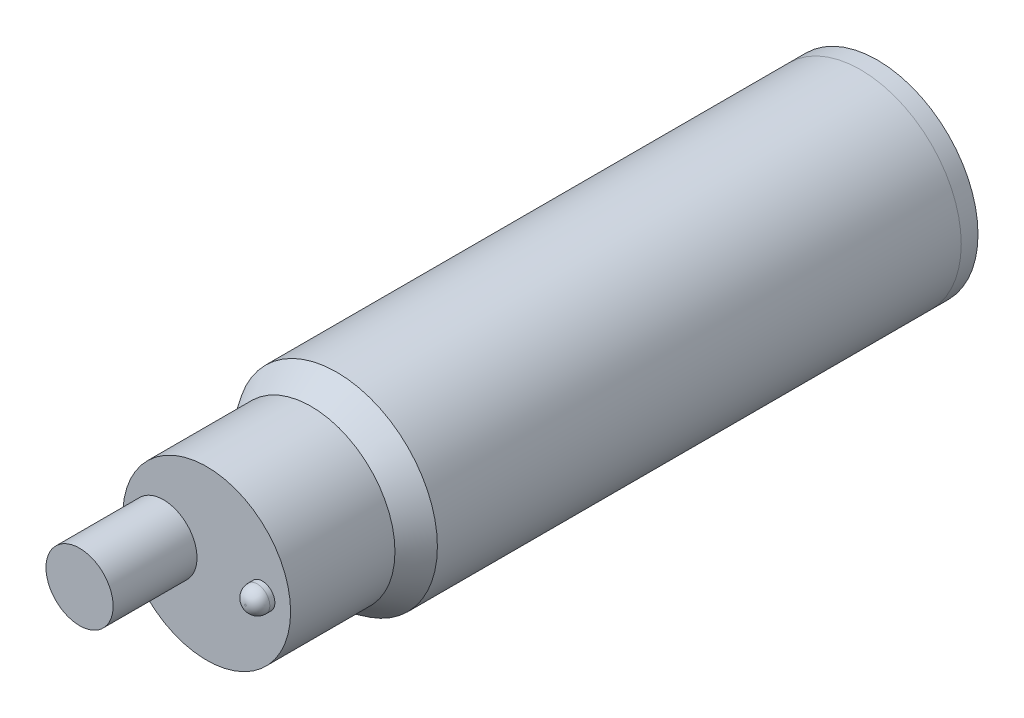
from build123d import *

# Parameters (mm, degrees)
SKETCH2_R           = 0.75
BOSS_EXTRUDE1_DEPTH = 1
FILLET1_R           = 0.7
SKETCH3_R           = 2
BOSS_EXTRUDE2_DEPTH = 5
SKETCH4_R           = 6
BOSS_EXTRUDE3_DEPTH = 1


with BuildPart() as part:
    # Sketch1 → Revolve1 (revolve)
    with BuildSketch(Plane(origin=(0, 0, 0), x_dir=(1, 0, 0), z_dir=(0, 1, 0)), mode=Mode.PRIVATE) as revolve1_sk:
        Polygon((0, 31.22), (0, 0), (1, -1.528489116), (1, -7.748489116), (6, -7.748489116), (6, 31.22), align=None)
    revolve(revolve1_sk.sketch.rotate(Axis((6, 0, 7.748489116), (0, 0, -1)), 180), axis=Axis((6, 0, 7.748489116), (0, 0, -1)))

    # Sketch2 → Boss-Extrude1 (add)
    with BuildSketch(Plane.XY.offset(7.748489116)):
        with Locations(Location((9.311049148, 0, 0), (0, 0, 180))):
            Circle(SKETCH2_R)
    extrude(amount=BOSS_EXTRUDE1_DEPTH)

    # Fillet1
    fillet1_edges = [part.edges().sort_by_distance(p)[0] for p in [
        (10.061049148, 0, 8.748489116),
    ]]
    fillet(fillet1_edges, radius=FILLET1_R)

    # Sketch3 → Boss-Extrude2 (add)
    with BuildSketch(Plane.XY.offset(7.748489116)):
        with Locations(Location((3.423004201, 0, 0), (0, 0, 180))):
            Circle(SKETCH3_R)
    extrude(amount=BOSS_EXTRUDE2_DEPTH)

    # Sketch4 → Boss-Extrude3 (add)
    with BuildSketch(Plane(origin=(0, 0, -31.22), x_dir=(-1, 0, 0), z_dir=(0, 0, -1))):
        with Locations((-5.996963967, 0)):
            Circle(SKETCH4_R)
    extrude(amount=BOSS_EXTRUDE3_DEPTH)


solid = part.part
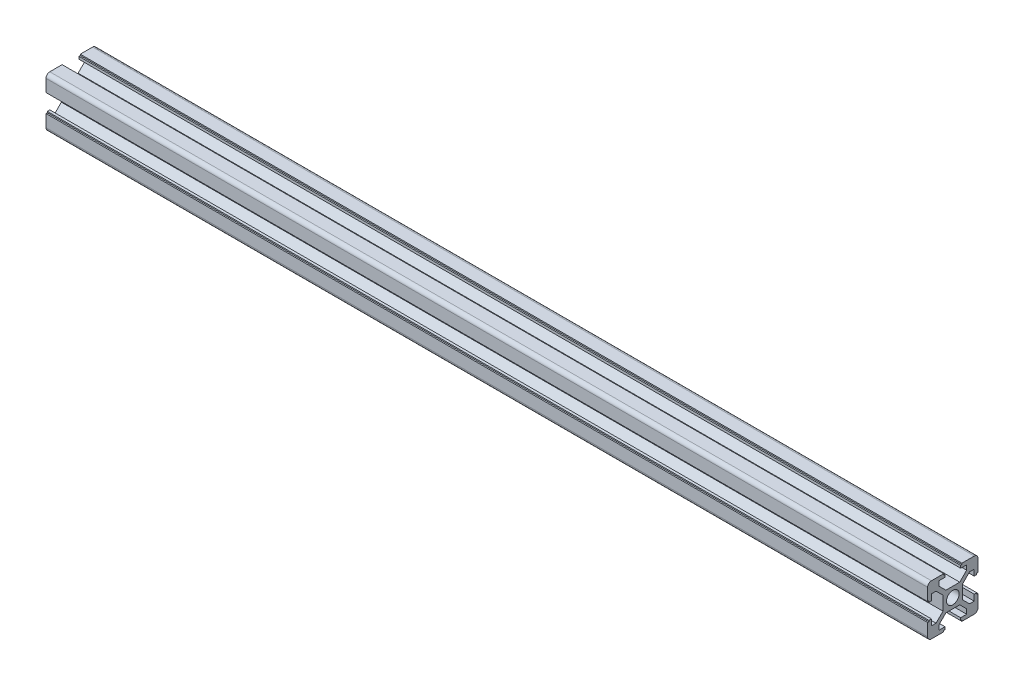
from build123d import *

# Parameters (mm, degrees)
SKETCH1_R                = 2.5
F_20_X_20_X_R1_5_1_DEPTH = 350


with BuildPart() as part:
    # Sketch1 → 铝型材 20 X 20 X R1.5(1) (new body)
    with BuildSketch(Plane(origin=(0, 0, 0), x_dir=(0, 0, -1), z_dir=(1, 0, 0))):
        with BuildLine():
            Line((-3.6, 10), (-3.6, 9.5))
            Line((-3.6, 9.5), (-3.1, 9.5))
            Line((-3.1, 9.5), (-3.1, 8.5))
            Line((-3.1, 8.5), (-5.5, 8.5))
            Line((-5.5, 8.5), (-5.5, 6.65))
            Line((-5.5, 6.65), (-2.75, 3.9))
            Line((-2.75, 3.9), (2.75, 3.9))
            Line((2.75, 3.9), (5.5, 6.65))
            Line((5.5, 6.65), (5.5, 8.5))
            Line((5.5, 8.5), (3.1, 8.5))
            Line((3.1, 8.5), (3.1, 9.5))
            Line((3.1, 9.5), (3.6, 9.5))
            Line((3.6, 9.5), (3.6, 10))
            Line((3.6, 10), (8.5, 10))
            ThreePointArc((8.5, 10), (9.560660172, 9.560660172), (10, 8.5))
            Line((10, 8.5), (10, 3.6))
            Line((10, 3.6), (9.5, 3.6))
            Line((9.5, 3.6), (9.5, 3.1))
            Line((9.5, 3.1), (8.5, 3.1))
            Line((8.5, 3.1), (8.5, 5.5))
            Line((8.5, 5.5), (6.65, 5.5))
            Line((6.65, 5.5), (3.9, 2.75))
            Line((3.9, 2.75), (3.9, -2.75))
            Line((3.9, -2.75), (6.65, -5.5))
            Line((6.65, -5.5), (8.5, -5.5))
            Line((8.5, -5.5), (8.5, -3.1))
            Line((8.5, -3.1), (9.5, -3.1))
            Line((9.5, -3.1), (9.5, -3.6))
            Line((9.5, -3.6), (10, -3.6))
            Line((10, -3.6), (10, -8.5))
            ThreePointArc((10, -8.5), (9.560660172, -9.560660172), (8.5, -10))
            Line((8.5, -10), (3.6, -10))
            Line((3.6, -10), (3.6, -9.5))
            Line((3.6, -9.5), (3.1, -9.5))
            Line((3.1, -9.5), (3.1, -8.5))
            Line((3.1, -8.5), (5.5, -8.5))
            Line((5.5, -8.5), (5.5, -6.65))
            Line((5.5, -6.65), (2.75, -3.9))
            Line((2.75, -3.9), (-2.75, -3.9))
            Line((-2.75, -3.9), (-5.5, -6.65))
            Line((-5.5, -6.65), (-5.5, -8.5))
            Line((-5.5, -8.5), (-3.1, -8.5))
            Line((-3.1, -8.5), (-3.1, -9.5))
            Line((-3.1, -9.5), (-3.6, -9.5))
            Line((-3.6, -9.5), (-3.6, -10))
            Line((-3.6, -10), (-8.5, -10))
            ThreePointArc((-8.5, -10), (-9.560660172, -9.560660172), (-10, -8.5))
            Line((-10, -8.5), (-10, -3.6))
            Line((-10, -3.6), (-9.5, -3.6))
            Line((-9.5, -3.6), (-9.5, -3.1))
            Line((-9.5, -3.1), (-8.5, -3.1))
            Line((-8.5, -3.1), (-8.5, -5.5))
            Line((-8.5, -5.5), (-6.65, -5.5))
            Line((-6.65, -5.5), (-3.9, -2.75))
            Line((-3.9, -2.75), (-3.9, 2.75))
            Line((-3.9, 2.75), (-6.65, 5.5))
            Line((-6.65, 5.5), (-8.5, 5.5))
            Line((-8.5, 5.5), (-8.5, 3.1))
            Line((-8.5, 3.1), (-9.5, 3.1))
            Line((-9.5, 3.1), (-9.5, 3.6))
            Line((-9.5, 3.6), (-10, 3.6))
            Line((-10, 3.6), (-10, 8.5))
            ThreePointArc((-10, 8.5), (-9.560660172, 9.560660172), (-8.5, 10))
            Line((-8.5, 10), (-3.6, 10))
        make_face()
        Circle(SKETCH1_R, mode=Mode.SUBTRACT)
    extrude(amount=F_20_X_20_X_R1_5_1_DEPTH)


solid = part.part

________________________________________

Given the data above, which lines hold the string "with"? Return them.

with BuildPart() as part:
    with BuildSketch(Plane(origin=(0, 0, 0), x_dir=(1, 0, 0), z_dir=(0, 1, 0)), mode=Mode.PRIVATE) as revolve1_sk:
    with BuildSketch(Plane.XY.offset(7.748489116)):
        with Locations(Location((9.311049148, 0, 0), (0, 0, 180))):
    with BuildSketch(Plane.XY.offset(7.748489116)):
        with Locations(Location((3.423004201, 0, 0), (0, 0, 180))):
    with BuildSketch(Plane(origin=(0, 0, -31.22), x_dir=(-1, 0, 0), z_dir=(0, 0, -1))):
        with Locations((-5.996963967, 0)):
with BuildPart() as part:
    with BuildSketch(Plane(origin=(0, 0, 0), x_dir=(0, 0, -1), z_dir=(1, 0, 0))):
        with BuildLine():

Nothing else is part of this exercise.